There was no time to ready the dogs the Patrol relied on for travel in the wake of the attack, so, fleeing the raid was a task accomplished on foot by Jensen and his team, all of whom successfully escaped the engagement but fled without adequate winter clothing or supplies and the team had split from Jensen accidentally along the way.

In the perspective of Poulsen and the rest at Eskimonæs, on the Morning of the 13 of March at about 11 o'clock, Poulsen reportedly, out of sheer habit, peered out across the ice and spotted a "dark speck", what was apparently a lone individual roughly three miles to the east.

Poulsen immediately dispatched member Eli Knudsen to rally the dogs and set off to intercept the individual so that he could bring the figure over, while he went into the camp and prepared.

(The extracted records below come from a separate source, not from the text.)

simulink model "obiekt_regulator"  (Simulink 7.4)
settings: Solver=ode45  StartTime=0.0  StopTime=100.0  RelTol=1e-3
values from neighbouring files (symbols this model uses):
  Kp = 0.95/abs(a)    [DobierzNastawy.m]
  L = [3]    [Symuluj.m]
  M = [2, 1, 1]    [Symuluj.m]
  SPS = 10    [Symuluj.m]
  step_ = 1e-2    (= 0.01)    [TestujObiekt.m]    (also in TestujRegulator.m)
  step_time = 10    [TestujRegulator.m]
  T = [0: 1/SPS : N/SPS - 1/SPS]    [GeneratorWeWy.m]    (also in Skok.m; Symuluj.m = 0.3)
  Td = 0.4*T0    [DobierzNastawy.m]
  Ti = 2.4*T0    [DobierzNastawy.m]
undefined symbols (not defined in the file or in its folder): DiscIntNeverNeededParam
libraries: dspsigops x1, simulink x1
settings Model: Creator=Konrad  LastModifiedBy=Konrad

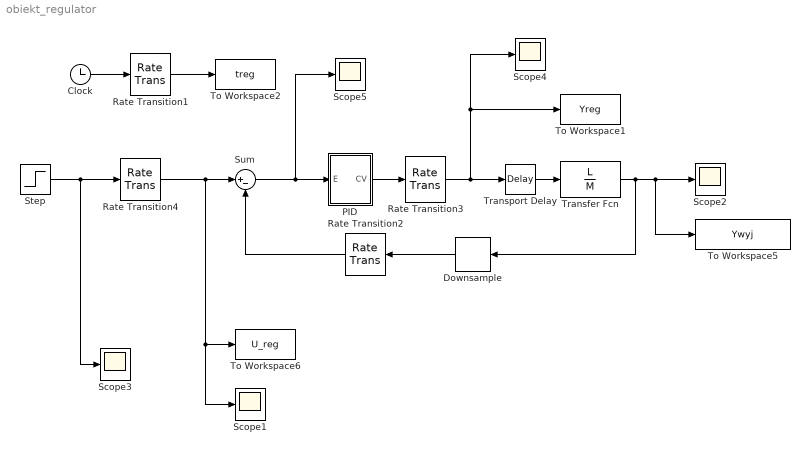
== system obiekt_regulator ==
  Clock : Clock
      settings: Decimation=10
  Downsample : dspsigops/Downsample  N=1/step_ / SPS  phase=0  ic=0  smode=Force single rate  fmode=Maintain input frame size
  PID : Subsystem  mask{Kp=Kp, Ti=Ti, Td=Td}
  Rate Transition1 : RateTransition  OutPortSampleTime=1/SPS
  Rate Transition2 : RateTransition  OutPortSampleTime=1/SPS
  Rate Transition3 : RateTransition
  Rate Transition4 : RateTransition  OutPortSampleTime=1/SPS
  Scope{1..5} (5 alike) : Scope
      Scope3 settings: SaveName=ScopeData2
      Scope4 settings: SaveName=ScopeData3
      Scope5 settings: SaveName=ScopeData4
  Step : Step  Time=step_time  SampleTime=1/SPS
  Sum : Sum  Inputs=|+-  OutDataType=fixdt(1, 16)  OutScaling=2^0
  To Workspace1 : ToWorkspace  VariableName=Yreg  SampleTime=-1  SaveFormat=Array
  To Workspace2 : ToWorkspace  VariableName=treg  SampleTime=1/SPS  SaveFormat=Array
  To Workspace5 : ToWorkspace  VariableName=Ywyj  SampleTime=-1  SaveFormat=Array
  To Workspace6 : ToWorkspace  VariableName=U_reg  SampleTime=-1  SaveFormat=Array
  Transfer Fcn : TransferFcn  Numerator=L  Denominator=M
  Transport Delay : TransportDelay  DelayTime=T
  wires:
  Clock/1 -> Rate Transition1/1
  Transfer Fcn/1 -> To Workspace5/1, Scope2/1, Downsample/1
  Transport Delay/1 -> Transfer Fcn/1
  Rate Transition1/1 -> To Workspace2/1
  Step/1 -> Scope3/1, Rate Transition4/1
  PID/1(CV) -> Rate Transition3/1
  Sum/1 -> PID/1(E), Scope5/1
  Rate Transition4/1 -> Scope1/1, To Workspace6/1, Sum/1
  Rate Transition3/1 -> Transport Delay/1, Scope4/1, To Workspace1/1
  Downsample/1 -> Rate Transition2/1
  Rate Transition2/1 -> Sum/2

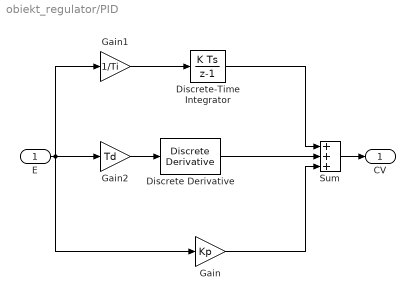
== system obiekt_regulator/PID ==
  E : Inport
  Discrete Derivative : simulink/Discrete/Discrete Derivative  SystemSampleTime=-1  gainval=1  ICPrevScaledInput=0.0  OutMin=[]  OutMax=[]  OutDataType=fixdt(1, 16)  OutScaling=2^-10  DoSatur=off
  Discrete-Time Integrator : DiscreteIntegrator  gainval=1  SampleTime=-1  OutDataType=fixdt(1, 16)  OutScaling=2^0  ICPrevOutput=DiscIntNeverNeededParam  ICPrevScaledInput=DiscIntNeverNeededParam
  Gain : Gain  Gain=Kp  ParameterDataType=fixdt(1, 16)  ParameterScaling=2^0  OutDataType=fixdt(1, 16)  OutScaling=2^0
  Gain1 : Gain  Gain=1/Ti  ParameterDataType=fixdt(1, 16)  ParameterScaling=2^0  OutDataType=fixdt(1, 16)  OutScaling=2^0
  Gain2 : Gain  Gain=Td  ParameterDataType=fixdt(1, 16)  ParameterScaling=2^0  OutDataType=fixdt(1, 16)  OutScaling=2^0
  Sum : Sum  Inputs=|+|+|+|  OutDataType=fixdt(1, 16)  OutScaling=2^0
  CV : Outport
  wires:
  E/1 -> Gain/1, Gain1/1, Gain2/1
  Discrete Derivative/1 -> Sum/2
  Gain/1 -> Sum/3
  Discrete-Time Integrator/1 -> Sum/1
  Sum/1 -> CV/1
  Gain1/1 -> Discrete-Time Integrator/1
  Gain2/1 -> Discrete Derivative/1

It was said that Poulsen had "imagined every possible disaster" by the time Knudsen returned with the individual, Marius Jensen. When they had helped Jensen indoors, they discovered that he was reportedly grey with fatigue, frostbitten (though, rather fortunately only in the first degree), and missing his boots; he had been walking in the snow with mere socks to protect him. Later, the others arrived, reportedly "bedraggled" but otherwise not in critical condition.

Jensen later "borrowed" about eight dogs from Eskimonæs to replace the ones abandoned at Cape Wynn.

Poulsen then radioed governor Eske Brun, the effective ruler of Greenland, with news of the Germans.

The Patrol lacked a military status beforehand, but after the discovery on Sabine, Eske Brun authorized them to act as military forces, (in large part because of legal concerns, such as how they were not officially military personnel) with Ib Poulsen being given the role of Captain shortly thereafter, creating the so-called "Army of Greenland" in the process, the first and only such institution or force of its kind in all of history, making Ib Poulsen the first and only leader of any Greenlandic military force.

Poulsen understood that the problem of the base at Sabine would be taken care of by the American Air Force sometime later, but in the moment he prepared for a German attack of Eskimonæs. There was a genuine fear of an enemy air raid, as no one knew precisely what the German forces had on hand. Poulsen's first plan was to rally as many men as he could.

==Effects of Poulsen's leadership, Akre controversy and later life==
Thanks to Poulsen's "tuition" of them, Kurt Olsen had reportedly matured mentally and physically, whereas cousins Bjarne and Oddvar Akre thought that, in spite of the patrols activities, at least Ib Poulsen and Eli Knudsen, and at most them and all the other Danish elements of the Patrol were in fact German collaborators or at least sympathizers, who wished to kill the pair. The cousins and Ib Poulsen disagreed on effectively every decision made by the latter, and they were generally unhappy with their Danish peers.

The former of the two cousins would go on to write a book in 1983, titled ’Heltene’ i Kald Krig (English: 'Heroes' of the Winter War) where he brought his thoughts to light, and this book is generally considered very radical and controversial. In the book Bjarne goes so far as to accuse Eli Knudsen of having been a Nazi who was alleged to have not been shot by German forces and instead having been smuggled back to Germany itself, among other rather bold claims.

He was at least partially responsible for the construction of the Danmarkshavn weather station sometime between 1948 and 1950. In his later years he was dubbed "the major", and was made leader of the Sled Patrol again following its reforming in 1950. From 1961 to 1979 he reportedly was involved in Greenlandic telecommunications. He died on September 21, 1994, under unknown circumstances. He was 85 years old.